WORK ITEM:
Copy every line of the records that includes the word "logo".

SUPPLIED ENTRIES:
════════

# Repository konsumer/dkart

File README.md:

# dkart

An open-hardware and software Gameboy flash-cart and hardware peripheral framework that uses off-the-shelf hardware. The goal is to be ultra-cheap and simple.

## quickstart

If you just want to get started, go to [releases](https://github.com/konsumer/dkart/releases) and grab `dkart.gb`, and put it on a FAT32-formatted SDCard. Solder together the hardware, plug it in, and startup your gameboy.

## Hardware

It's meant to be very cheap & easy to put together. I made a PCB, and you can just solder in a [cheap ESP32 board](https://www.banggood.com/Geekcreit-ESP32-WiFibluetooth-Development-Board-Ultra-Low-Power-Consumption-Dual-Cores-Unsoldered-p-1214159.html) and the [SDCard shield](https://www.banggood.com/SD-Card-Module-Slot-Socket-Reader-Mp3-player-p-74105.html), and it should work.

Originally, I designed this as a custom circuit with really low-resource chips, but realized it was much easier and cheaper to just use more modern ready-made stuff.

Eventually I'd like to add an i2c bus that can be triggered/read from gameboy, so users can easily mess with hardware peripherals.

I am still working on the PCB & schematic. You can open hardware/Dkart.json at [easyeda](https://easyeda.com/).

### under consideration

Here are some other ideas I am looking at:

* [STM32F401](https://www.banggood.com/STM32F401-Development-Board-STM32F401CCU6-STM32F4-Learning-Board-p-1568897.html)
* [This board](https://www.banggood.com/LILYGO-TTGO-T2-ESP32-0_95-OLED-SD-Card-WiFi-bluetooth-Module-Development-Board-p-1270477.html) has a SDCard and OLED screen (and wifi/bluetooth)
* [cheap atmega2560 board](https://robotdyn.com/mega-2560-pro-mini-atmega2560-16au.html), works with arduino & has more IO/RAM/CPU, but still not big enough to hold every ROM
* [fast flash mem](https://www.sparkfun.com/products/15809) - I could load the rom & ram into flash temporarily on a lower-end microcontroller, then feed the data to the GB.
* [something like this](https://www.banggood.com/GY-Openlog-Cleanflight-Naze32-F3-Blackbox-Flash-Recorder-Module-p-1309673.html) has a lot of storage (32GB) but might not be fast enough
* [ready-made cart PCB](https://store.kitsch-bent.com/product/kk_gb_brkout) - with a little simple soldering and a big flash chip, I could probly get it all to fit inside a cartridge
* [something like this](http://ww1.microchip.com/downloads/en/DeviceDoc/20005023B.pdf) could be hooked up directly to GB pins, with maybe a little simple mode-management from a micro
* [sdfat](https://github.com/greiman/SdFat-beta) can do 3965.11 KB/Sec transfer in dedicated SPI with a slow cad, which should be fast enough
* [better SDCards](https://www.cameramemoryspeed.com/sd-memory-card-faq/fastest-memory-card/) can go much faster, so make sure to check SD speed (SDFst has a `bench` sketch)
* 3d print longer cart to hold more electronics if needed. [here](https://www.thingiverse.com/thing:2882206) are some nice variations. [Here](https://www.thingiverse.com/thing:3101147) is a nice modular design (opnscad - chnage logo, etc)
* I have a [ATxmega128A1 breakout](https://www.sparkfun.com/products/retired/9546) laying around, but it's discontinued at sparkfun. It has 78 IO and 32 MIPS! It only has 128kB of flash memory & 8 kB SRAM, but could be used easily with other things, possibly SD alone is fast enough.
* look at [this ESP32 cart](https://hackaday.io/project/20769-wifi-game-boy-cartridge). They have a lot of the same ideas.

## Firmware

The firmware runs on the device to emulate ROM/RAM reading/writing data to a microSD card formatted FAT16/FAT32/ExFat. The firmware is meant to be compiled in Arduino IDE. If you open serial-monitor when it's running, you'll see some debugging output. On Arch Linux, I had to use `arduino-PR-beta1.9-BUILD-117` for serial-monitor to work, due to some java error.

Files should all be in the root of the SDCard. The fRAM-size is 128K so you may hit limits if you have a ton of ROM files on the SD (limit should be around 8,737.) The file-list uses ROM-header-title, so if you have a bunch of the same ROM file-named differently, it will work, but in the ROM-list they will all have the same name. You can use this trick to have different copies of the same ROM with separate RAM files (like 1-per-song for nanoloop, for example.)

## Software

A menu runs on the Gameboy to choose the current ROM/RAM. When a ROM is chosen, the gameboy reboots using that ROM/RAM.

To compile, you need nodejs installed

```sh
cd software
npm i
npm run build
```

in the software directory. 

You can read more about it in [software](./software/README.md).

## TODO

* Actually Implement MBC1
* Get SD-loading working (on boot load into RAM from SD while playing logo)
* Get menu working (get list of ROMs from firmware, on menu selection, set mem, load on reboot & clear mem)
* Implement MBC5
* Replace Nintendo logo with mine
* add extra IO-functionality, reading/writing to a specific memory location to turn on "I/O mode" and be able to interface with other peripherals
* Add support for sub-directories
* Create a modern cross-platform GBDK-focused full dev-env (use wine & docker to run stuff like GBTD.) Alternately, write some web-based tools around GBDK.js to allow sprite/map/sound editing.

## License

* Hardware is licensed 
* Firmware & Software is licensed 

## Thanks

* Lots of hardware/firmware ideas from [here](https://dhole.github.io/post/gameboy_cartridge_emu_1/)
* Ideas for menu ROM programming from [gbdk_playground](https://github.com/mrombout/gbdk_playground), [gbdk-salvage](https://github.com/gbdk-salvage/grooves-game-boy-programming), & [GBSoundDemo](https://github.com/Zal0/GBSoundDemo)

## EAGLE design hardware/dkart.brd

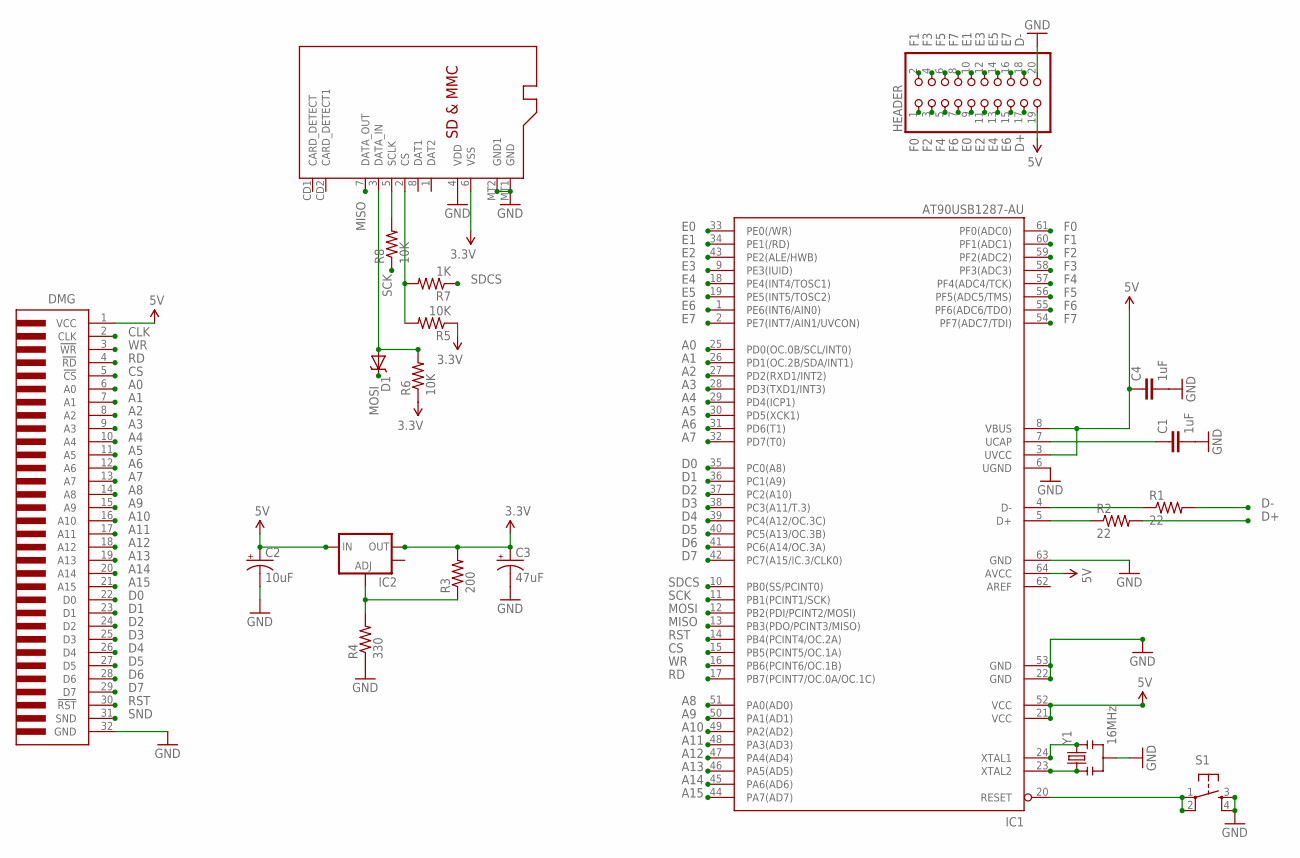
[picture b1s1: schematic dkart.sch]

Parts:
C1, C4: 1uF; 0805
C2: 10uF; EIA3528-KIT
C3: 47uF; EIA3528-KIT
D1: B340A; SMA-DIODE
DMG: GBCART-FULL; GBCART
HEADER: PINHD-2X10/90; 2X10/90
IC1: AT90USB1287-AU; TQFP64
IC2: V_REG_LM1117SOT223; SOT223
R1, R2: 22; 0805
R3: 200; 0805
R4: 330; 0805
R5, R6, R8: 10K; 0805
R7: 1K; 0805
S1: TAC_SWITCHSMD; TACTILE_SWITCH_SMD
SD: MICROSD
Y1: 16MHz; RESONATOR-SMD

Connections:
3.3V: C3.A (+), IC2.2 (OUT), R3.2, R5.1, R6.1, SD.6 (VSS)
5V: C2.A (+), C4.1, DMG.1 (VCC), HEADER.19, IC1.3 (UVCC), IC1.8 (VBUS), IC1.21 (VCC), IC1.52 (VCC), IC1.64 (AVCC), IC2.3 (IN)
A0: DMG.6 (A0), IC1.25 (PD0(OC.0B/SCL/INT0))
A1: DMG.7 (A1), IC1.26 (PD1(OC.2B/SDA/INT1))
A2: DMG.8 (A2), IC1.27 (PD2(RXD1/INT2))
A3: DMG.9 (A3), IC1.28 (PD3(TXD1/INT3))
A4: DMG.10 (A4), IC1.29 (PD4(ICP1))
A5: DMG.11 (A5), IC1.30 (PD5(XCK1))
A6: DMG.12 (A6), IC1.31 (PD6(T1))
A7: DMG.13 (A7), IC1.32 (PD7(T0))
A8: DMG.14 (A8), IC1.51 (PA0(AD0))
A9: DMG.15 (A9), IC1.50 (PA1(AD1))
A10: DMG.16 (A10), IC1.49 (PA2(AD2))
A11: DMG.17 (A11), IC1.48 (PA3(AD3))
A12: DMG.18 (A12), IC1.47 (PA4(AD4))
A13: DMG.19 (A13), IC1.46 (PA5(AD5))
A14: DMG.20 (A14), IC1.45 (PA6(AD6))
A15: DMG.21 (A15), IC1.44 (PA7(AD7))
CLK: DMG.2 (CLK)
CS: DMG.5 (!CS), IC1.15 (PB5(PCINT5/OC.1A))
D0: DMG.22 (D0), IC1.35 (PC0(A8))
D1: DMG.23 (D1), IC1.36 (PC1(A9))
D2: DMG.24 (D2), IC1.37 (PC2(A10))
D3: DMG.25 (D3), IC1.38 (PC3(A11/T.3))
D4: DMG.26 (D4), IC1.39 (PC4(A12/OC.3C))
D5: DMG.27 (D5), IC1.40 (PC5(A13/OC.3B))
D6: DMG.28 (D6), IC1.41 (PC6(A14/OC.3A))
D7: DMG.29 (D7), IC1.42 (PC7(A15/IC.3/CLK0))
D+: HEADER.17, R2.2
D-: HEADER.18, R1.2
E0: HEADER.9, IC1.33 (PE0(/WR))
E1: HEADER.10, IC1.34 (PE1(/RD))
E2: HEADER.11, IC1.43 (PE2(ALE/HWB))
E3: HEADER.12, IC1.9 (PE3(IUID))
E4: HEADER.13, IC1.18 (PE4(INT4/TOSC1))
E5: HEADER.14, IC1.19 (PE5(INT5/TOSC2))
E6: HEADER.15, IC1.1 (PE6(INT6/AIN0))
E7: HEADER.16, IC1.2 (PE7(INT7/AIN1/UVCON))
F0: HEADER.1, IC1.61 (PF0(ADC0))
F1: HEADER.2, IC1.60 (PF1(ADC1))
F2: HEADER.3, IC1.59 (PF2(ADC2))
F3: HEADER.4, IC1.58 (PF3(ADC3))
F4: HEADER.5, IC1.57 (PF4(ADC4/TCK))
F5: HEADER.6, IC1.56 (PF5(ADC5/TMS))
F6: HEADER.7, IC1.55 (PF6(ADC6/TDO))
F7: HEADER.8, IC1.54 (PF7(ADC7/TDI))
GND: C1.2, C2.C (-), C3.C (-), C4.2, DMG.32 (GND), HEADER.20, IC1.6 (UGND), IC1.22 (GND), IC1.53 (GND), IC1.63 (GND), R4.1, S1.3, S1.4, SD.4 (VDD), SD.MT1 (GND), SD.MT2 (GND1), Y1.2
MISO: IC1.13 (PB3(PDO/PCINT3/MISO)), SD.7 (DATA_OUT)
MOSI: D1.C, IC1.12 (PB2(PDI/PCINT2/MOSI))
unnamed: IC1.24 (XTAL1), Y1.3
unnamed: IC1.23 (XTAL2), Y1.1
unnamed: IC1.20 (RESET), S1.1, S1.2
unnamed: IC1.5 (D+), R2.1
unnamed: IC1.4 (D-), R1.1
unnamed: C1.1, IC1.7 (UCAP)
unnamed: IC2.1 (ADJ), R3.1, R4.2
unnamed: R8.2, SD.5 (SCLK)
unnamed: D1.A, R6.2, SD.3 (DATA_IN)
unnamed: R5.2, R7.2, SD.2 (CS)
RD: DMG.4 (!RD), IC1.17 (PB7(PCINT7/OC.0A/OC.1C))
RST: DMG.30 (!RST), IC1.14 (PB4(PCINT4/OC.2A))
SCK: IC1.11 (PB1(PCINT1/SCK)), R8.1
SDCS: IC1.10 (PB0(SS/PCINT0)), R7.1
SND: DMG.31 (SND)
WR: DMG.3 (!WR), IC1.16 (PB6(PCINT6/OC.1B))

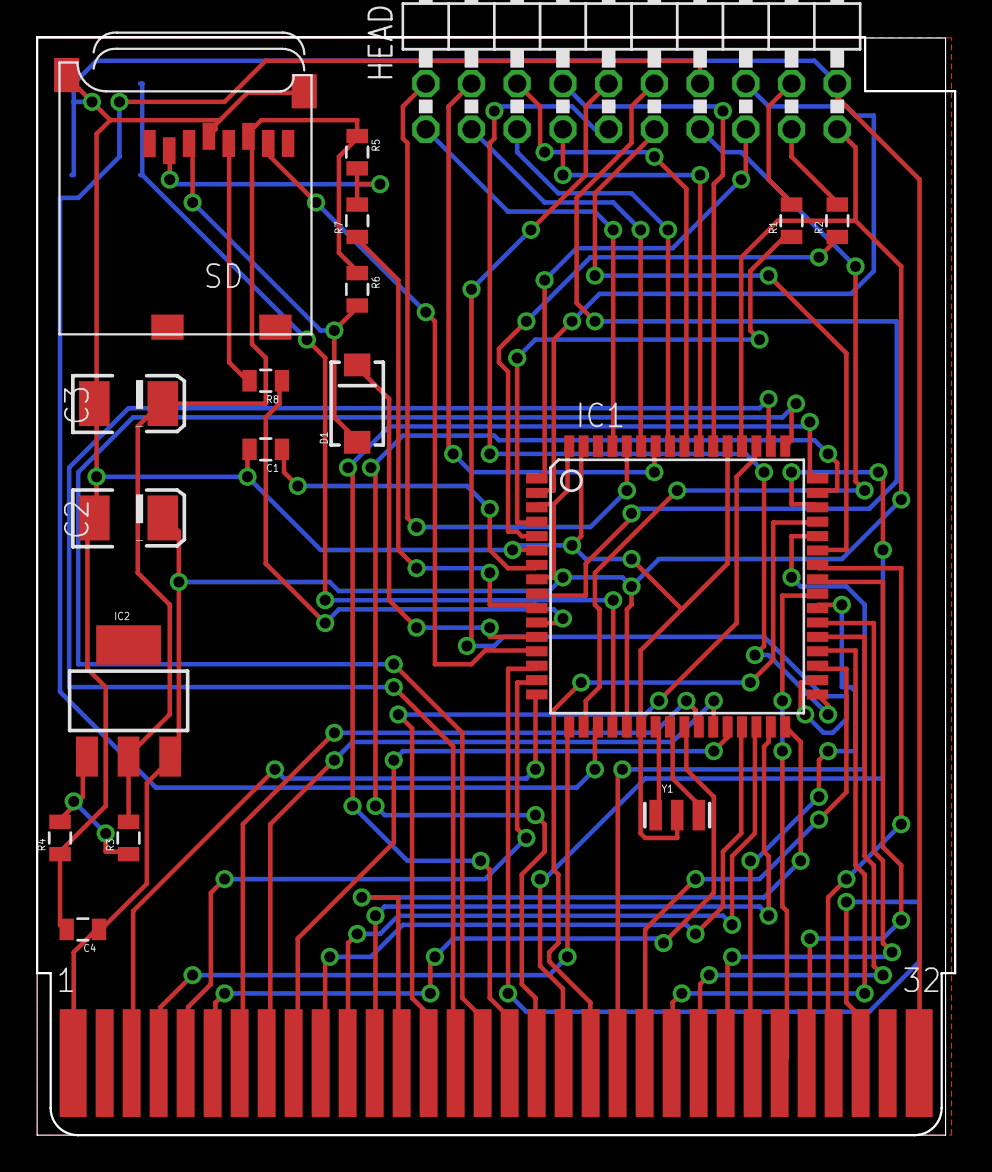
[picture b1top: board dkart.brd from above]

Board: 2 copper layers, 51.0 x 61.0 mm, 20 parts (1 on the bottom side), 63 nets.

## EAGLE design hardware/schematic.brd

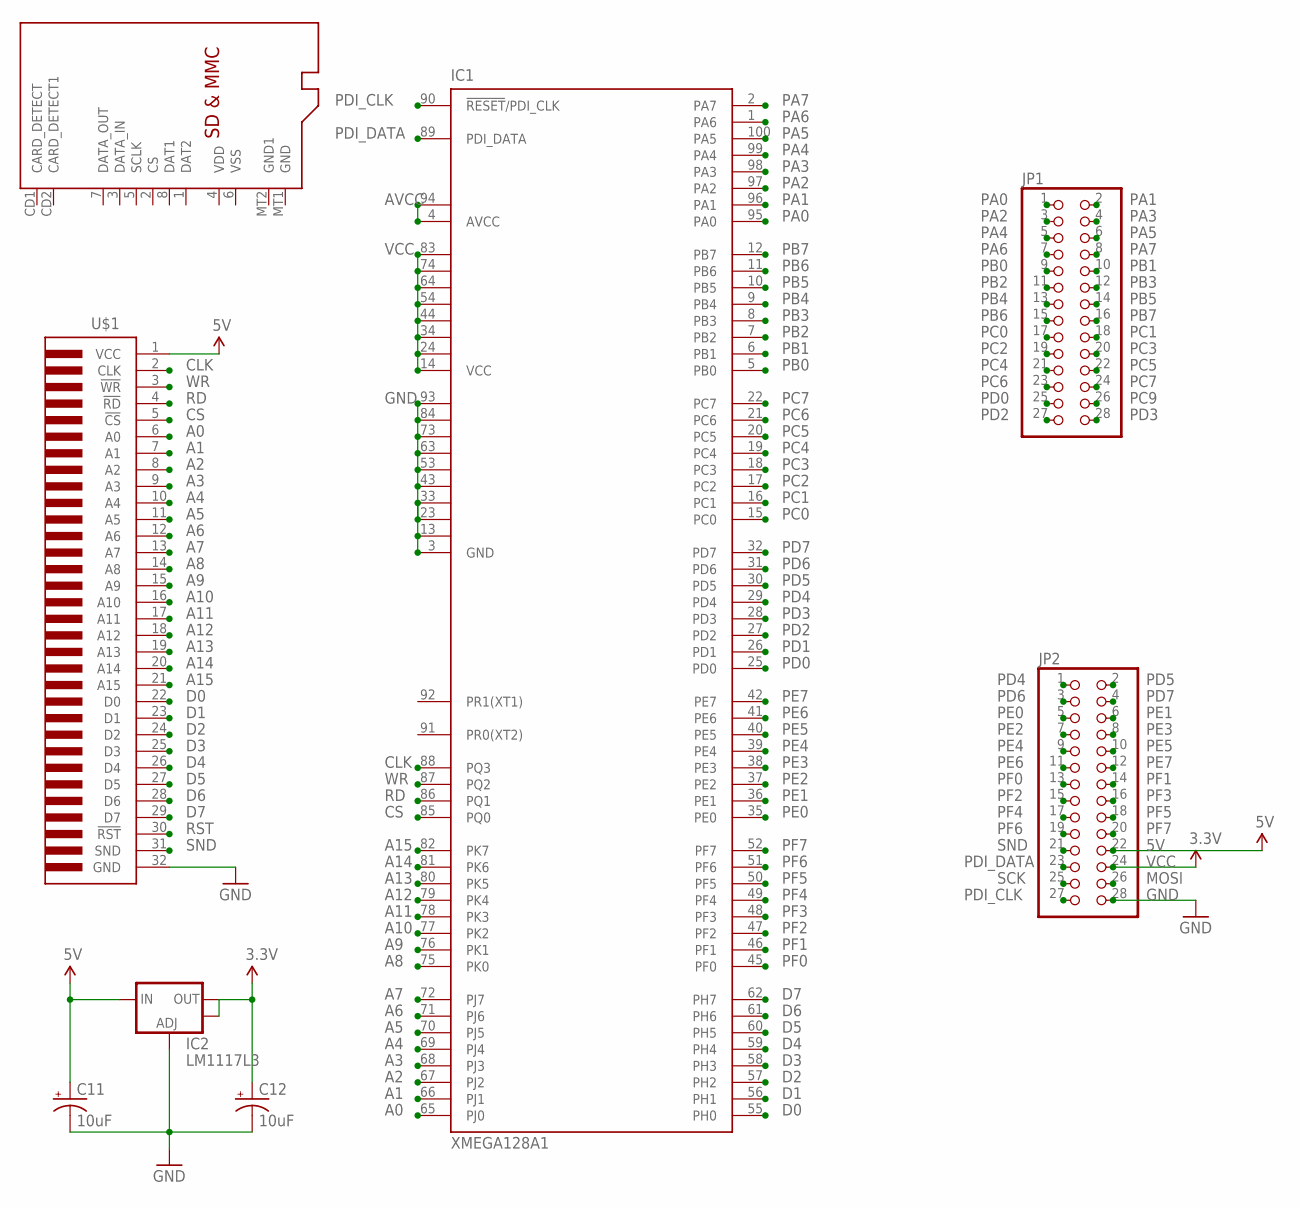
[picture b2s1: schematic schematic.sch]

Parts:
C11, C12: 10uF; EIA3216
IC1: XMEGA128A1; TQFP100
IC2: LM1117L3; SOT223
JP1, JP2: PINHD-2X14-CB; 2X14-CLEANBIG
U$1: GBCART-FULL; GBCART
U$5: MICROSD

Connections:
5V: C11.A (+), IC2.3 (IN), JP2.22, U$1.1 (VCC)
A0: IC1.65 (PJ0), U$1.6 (A0)
A1: IC1.66 (PJ1), U$1.7 (A1)
A2: IC1.67 (PJ2), U$1.8 (A2)
A3: IC1.68 (PJ3), U$1.9 (A3)
A4: IC1.69 (PJ4), U$1.10 (A4)
A5: IC1.70 (PJ5), U$1.11 (A5)
A6: IC1.71 (PJ6), U$1.12 (A6)
A7: IC1.72 (PJ7), U$1.13 (A7)
A8: IC1.75 (PK0), U$1.14 (A8)
A9: IC1.76 (PK1), U$1.15 (A9)
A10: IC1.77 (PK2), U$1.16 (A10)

════════

SOLUTION:
* 3d print longer cart to hold more electronics if needed. [here](https://www.thingiverse.com/thing:2882206) are some nice variations. [Here](https://www.thingiverse.com/thing:3101147) is a nice modular design (opnscad - chnage logo, etc)
* Get SD-loading working (on boot load into RAM from SD while playing logo)
* Replace Nintendo logo with mine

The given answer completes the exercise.